»»

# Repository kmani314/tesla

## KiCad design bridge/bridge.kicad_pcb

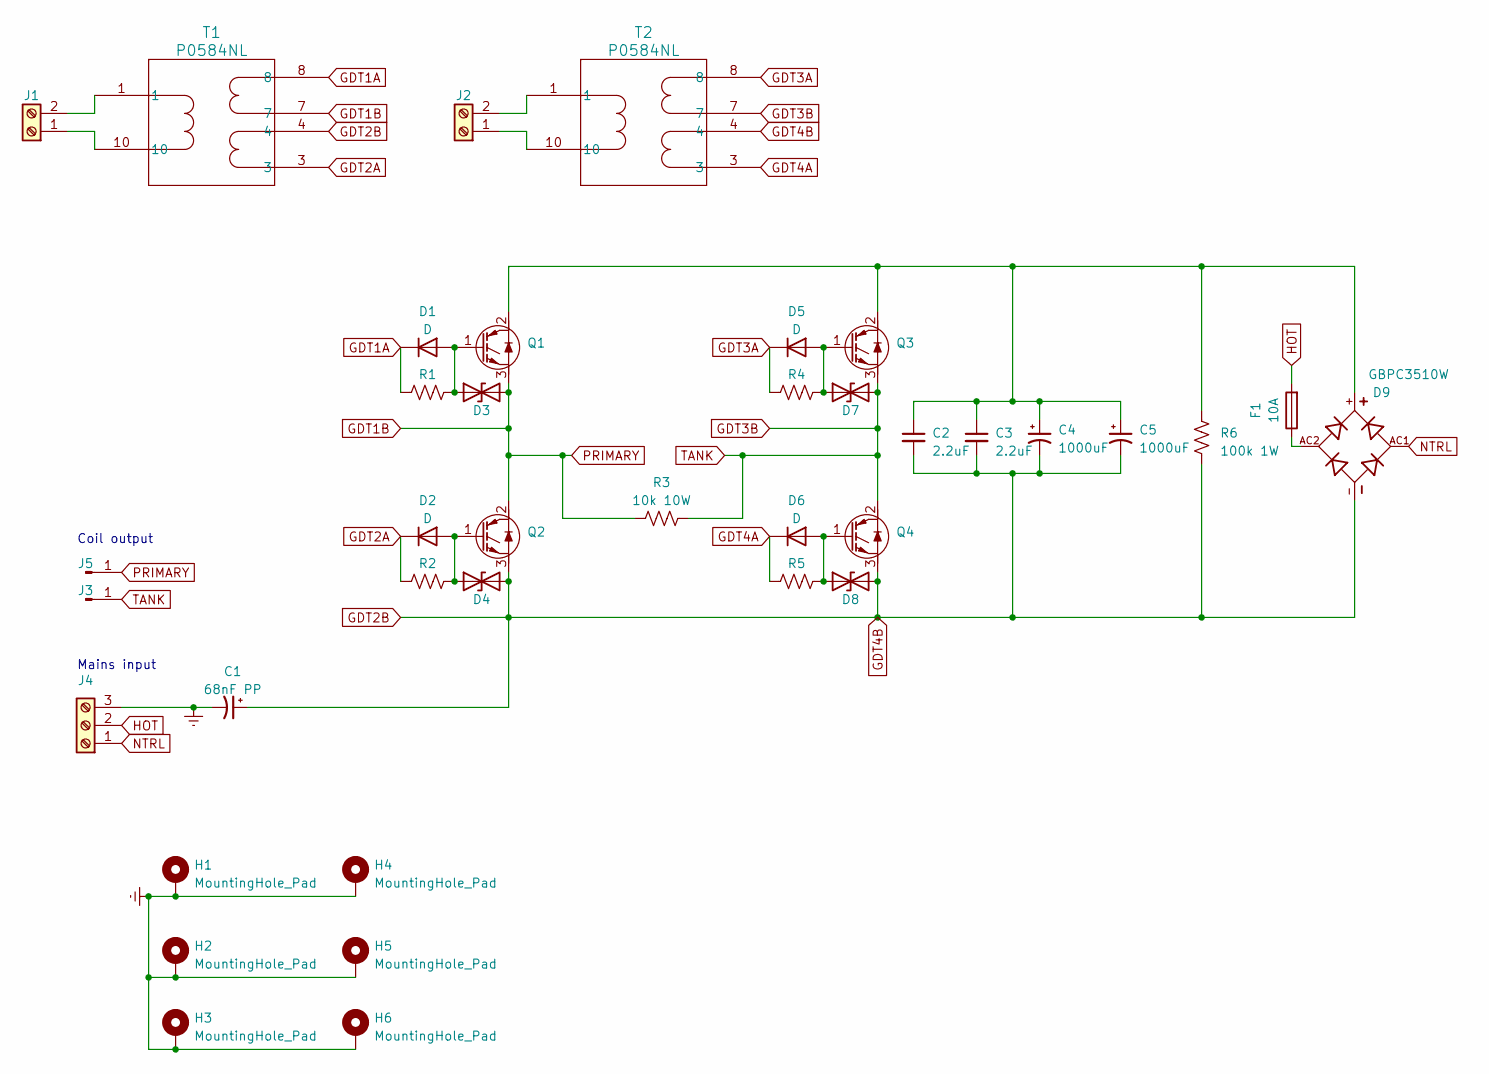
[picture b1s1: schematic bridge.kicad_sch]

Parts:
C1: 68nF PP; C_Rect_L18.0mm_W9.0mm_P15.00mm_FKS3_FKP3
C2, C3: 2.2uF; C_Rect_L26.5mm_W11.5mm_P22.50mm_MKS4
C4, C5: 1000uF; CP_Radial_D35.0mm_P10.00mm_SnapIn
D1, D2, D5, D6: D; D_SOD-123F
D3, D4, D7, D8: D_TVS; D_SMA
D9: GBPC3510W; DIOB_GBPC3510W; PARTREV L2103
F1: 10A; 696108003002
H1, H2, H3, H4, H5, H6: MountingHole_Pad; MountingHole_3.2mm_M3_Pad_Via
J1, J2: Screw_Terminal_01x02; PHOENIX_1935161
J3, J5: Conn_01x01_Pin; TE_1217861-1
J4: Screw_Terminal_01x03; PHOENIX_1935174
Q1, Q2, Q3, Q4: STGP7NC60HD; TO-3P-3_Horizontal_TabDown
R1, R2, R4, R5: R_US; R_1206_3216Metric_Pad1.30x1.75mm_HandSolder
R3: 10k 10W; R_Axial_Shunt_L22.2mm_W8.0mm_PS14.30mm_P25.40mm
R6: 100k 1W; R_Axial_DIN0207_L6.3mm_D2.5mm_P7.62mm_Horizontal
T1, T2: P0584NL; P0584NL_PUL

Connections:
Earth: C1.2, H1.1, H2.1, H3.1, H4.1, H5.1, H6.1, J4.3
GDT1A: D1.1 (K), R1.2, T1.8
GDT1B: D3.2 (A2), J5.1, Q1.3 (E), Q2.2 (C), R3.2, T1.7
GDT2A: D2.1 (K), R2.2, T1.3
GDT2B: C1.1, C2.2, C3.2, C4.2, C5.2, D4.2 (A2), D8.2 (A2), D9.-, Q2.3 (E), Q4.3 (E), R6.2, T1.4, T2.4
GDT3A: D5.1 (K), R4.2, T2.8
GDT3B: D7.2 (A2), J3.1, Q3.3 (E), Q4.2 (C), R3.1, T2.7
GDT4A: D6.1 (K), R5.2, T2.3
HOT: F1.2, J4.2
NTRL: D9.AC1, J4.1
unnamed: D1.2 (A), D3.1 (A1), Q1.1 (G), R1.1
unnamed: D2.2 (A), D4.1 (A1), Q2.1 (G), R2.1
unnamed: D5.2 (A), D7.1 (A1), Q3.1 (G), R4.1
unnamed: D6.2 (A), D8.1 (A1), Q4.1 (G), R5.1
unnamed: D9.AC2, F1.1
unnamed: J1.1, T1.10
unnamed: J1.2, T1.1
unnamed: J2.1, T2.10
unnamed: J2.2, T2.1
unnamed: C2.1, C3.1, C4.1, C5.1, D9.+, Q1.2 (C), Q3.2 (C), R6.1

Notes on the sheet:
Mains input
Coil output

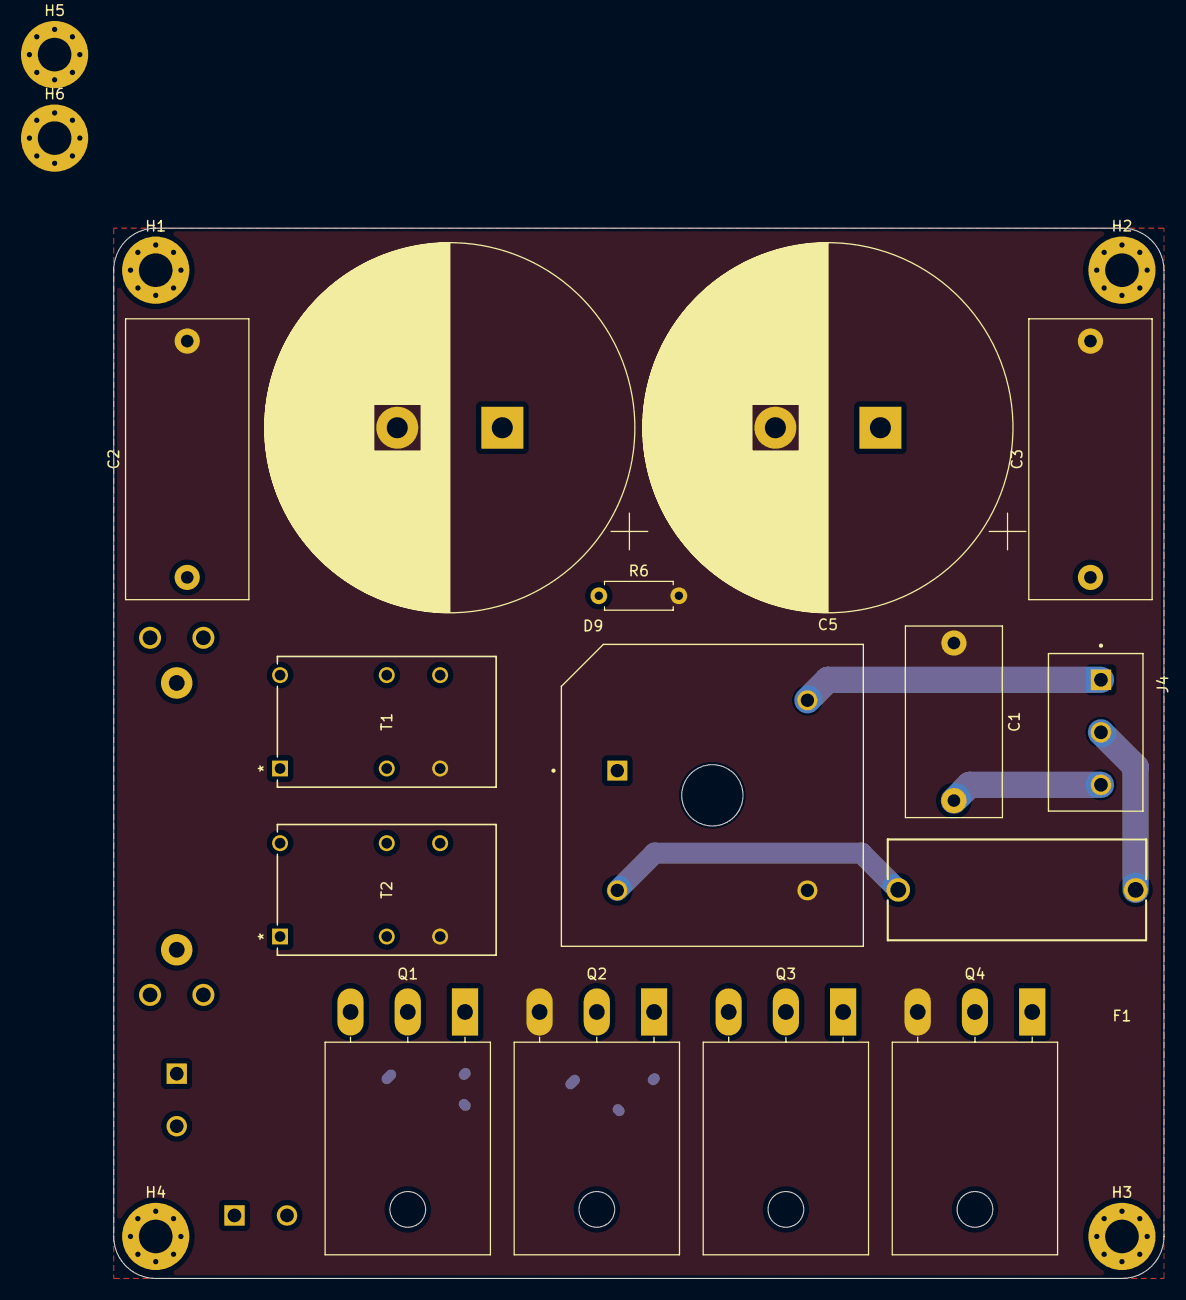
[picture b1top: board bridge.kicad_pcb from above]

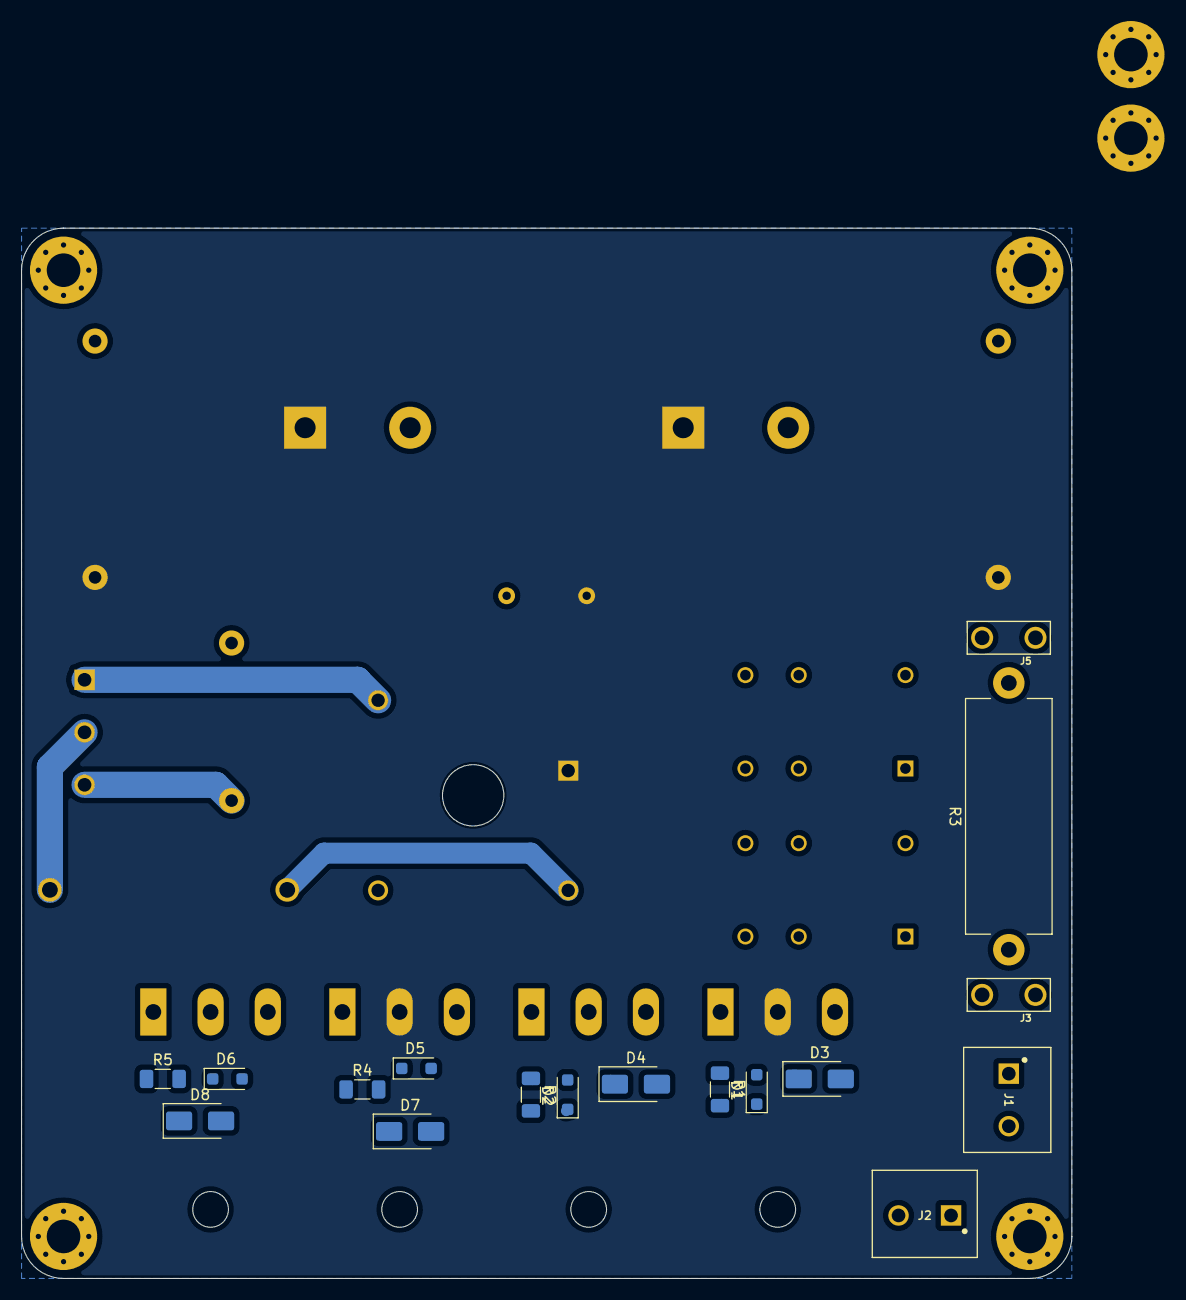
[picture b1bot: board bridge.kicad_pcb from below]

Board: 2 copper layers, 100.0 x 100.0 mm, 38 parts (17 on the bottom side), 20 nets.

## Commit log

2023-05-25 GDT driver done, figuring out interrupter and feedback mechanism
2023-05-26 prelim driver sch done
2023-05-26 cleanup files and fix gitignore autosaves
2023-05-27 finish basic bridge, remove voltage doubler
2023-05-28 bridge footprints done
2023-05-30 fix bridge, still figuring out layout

««

» **About this exercise**
Pictures should be left out when the records above are restated exactly.

» **Response to the task**
# Repository kmani314/tesla

## KiCad design bridge/bridge.kicad_pcb

[picture b1s1: schematic bridge.kicad_sch]

Parts:
C1: 68nF PP; C_Rect_L18.0mm_W9.0mm_P15.00mm_FKS3_FKP3
C2, C3: 2.2uF; C_Rect_L26.5mm_W11.5mm_P22.50mm_MKS4
C4, C5: 1000uF; CP_Radial_D35.0mm_P10.00mm_SnapIn
D1, D2, D5, D6: D; D_SOD-123F
D3, D4, D7, D8: D_TVS; D_SMA
D9: GBPC3510W; DIOB_GBPC3510W; PARTREV L2103
F1: 10A; 696108003002
H1, H2, H3, H4, H5, H6: MountingHole_Pad; MountingHole_3.2mm_M3_Pad_Via
J1, J2: Screw_Terminal_01x02; PHOENIX_1935161
J3, J5: Conn_01x01_Pin; TE_1217861-1
J4: Screw_Terminal_01x03; PHOENIX_1935174
Q1, Q2, Q3, Q4: STGP7NC60HD; TO-3P-3_Horizontal_TabDown
R1, R2, R4, R5: R_US; R_1206_3216Metric_Pad1.30x1.75mm_HandSolder
R3: 10k 10W; R_Axial_Shunt_L22.2mm_W8.0mm_PS14.30mm_P25.40mm
R6: 100k 1W; R_Axial_DIN0207_L6.3mm_D2.5mm_P7.62mm_Horizontal
T1, T2: P0584NL; P0584NL_PUL

Connections:
Earth: C1.2, H1.1, H2.1, H3.1, H4.1, H5.1, H6.1, J4.3
GDT1A: D1.1 (K), R1.2, T1.8
GDT1B: D3.2 (A2), J5.1, Q1.3 (E), Q2.2 (C), R3.2, T1.7
GDT2A: D2.1 (K), R2.2, T1.3
GDT2B: C1.1, C2.2, C3.2, C4.2, C5.2, D4.2 (A2), D8.2 (A2), D9.-, Q2.3 (E), Q4.3 (E), R6.2, T1.4, T2.4
GDT3A: D5.1 (K), R4.2, T2.8
GDT3B: D7.2 (A2), J3.1, Q3.3 (E), Q4.2 (C), R3.1, T2.7
GDT4A: D6.1 (K), R5.2, T2.3
HOT: F1.2, J4.2
NTRL: D9.AC1, J4.1
unnamed: D1.2 (A), D3.1 (A1), Q1.1 (G), R1.1
unnamed: D2.2 (A), D4.1 (A1), Q2.1 (G), R2.1
unnamed: D5.2 (A), D7.1 (A1), Q3.1 (G), R4.1
unnamed: D6.2 (A), D8.1 (A1), Q4.1 (G), R5.1
unnamed: D9.AC2, F1.1
unnamed: J1.1, T1.10
unnamed: J1.2, T1.1
unnamed: J2.1, T2.10
unnamed: J2.2, T2.1
unnamed: C2.1, C3.1, C4.1, C5.1, D9.+, Q1.2 (C), Q3.2 (C), R6.1

Notes on the sheet:
Mains input
Coil output

[picture b1top: board bridge.kicad_pcb from above]

[picture b1bot: board bridge.kicad_pcb from below]

Board: 2 copper layers, 100.0 x 100.0 mm, 38 parts (17 on the bottom side), 20 nets.

## Commit log

2023-05-25 GDT driver done, figuring out interrupter and feedback mechanism
2023-05-26 prelim driver sch done
2023-05-26 cleanup files and fix gitignore autosaves
2023-05-27 finish basic bridge, remove voltage doubler
2023-05-28 bridge footprints done
2023-05-30 fix bridge, still figuring out layout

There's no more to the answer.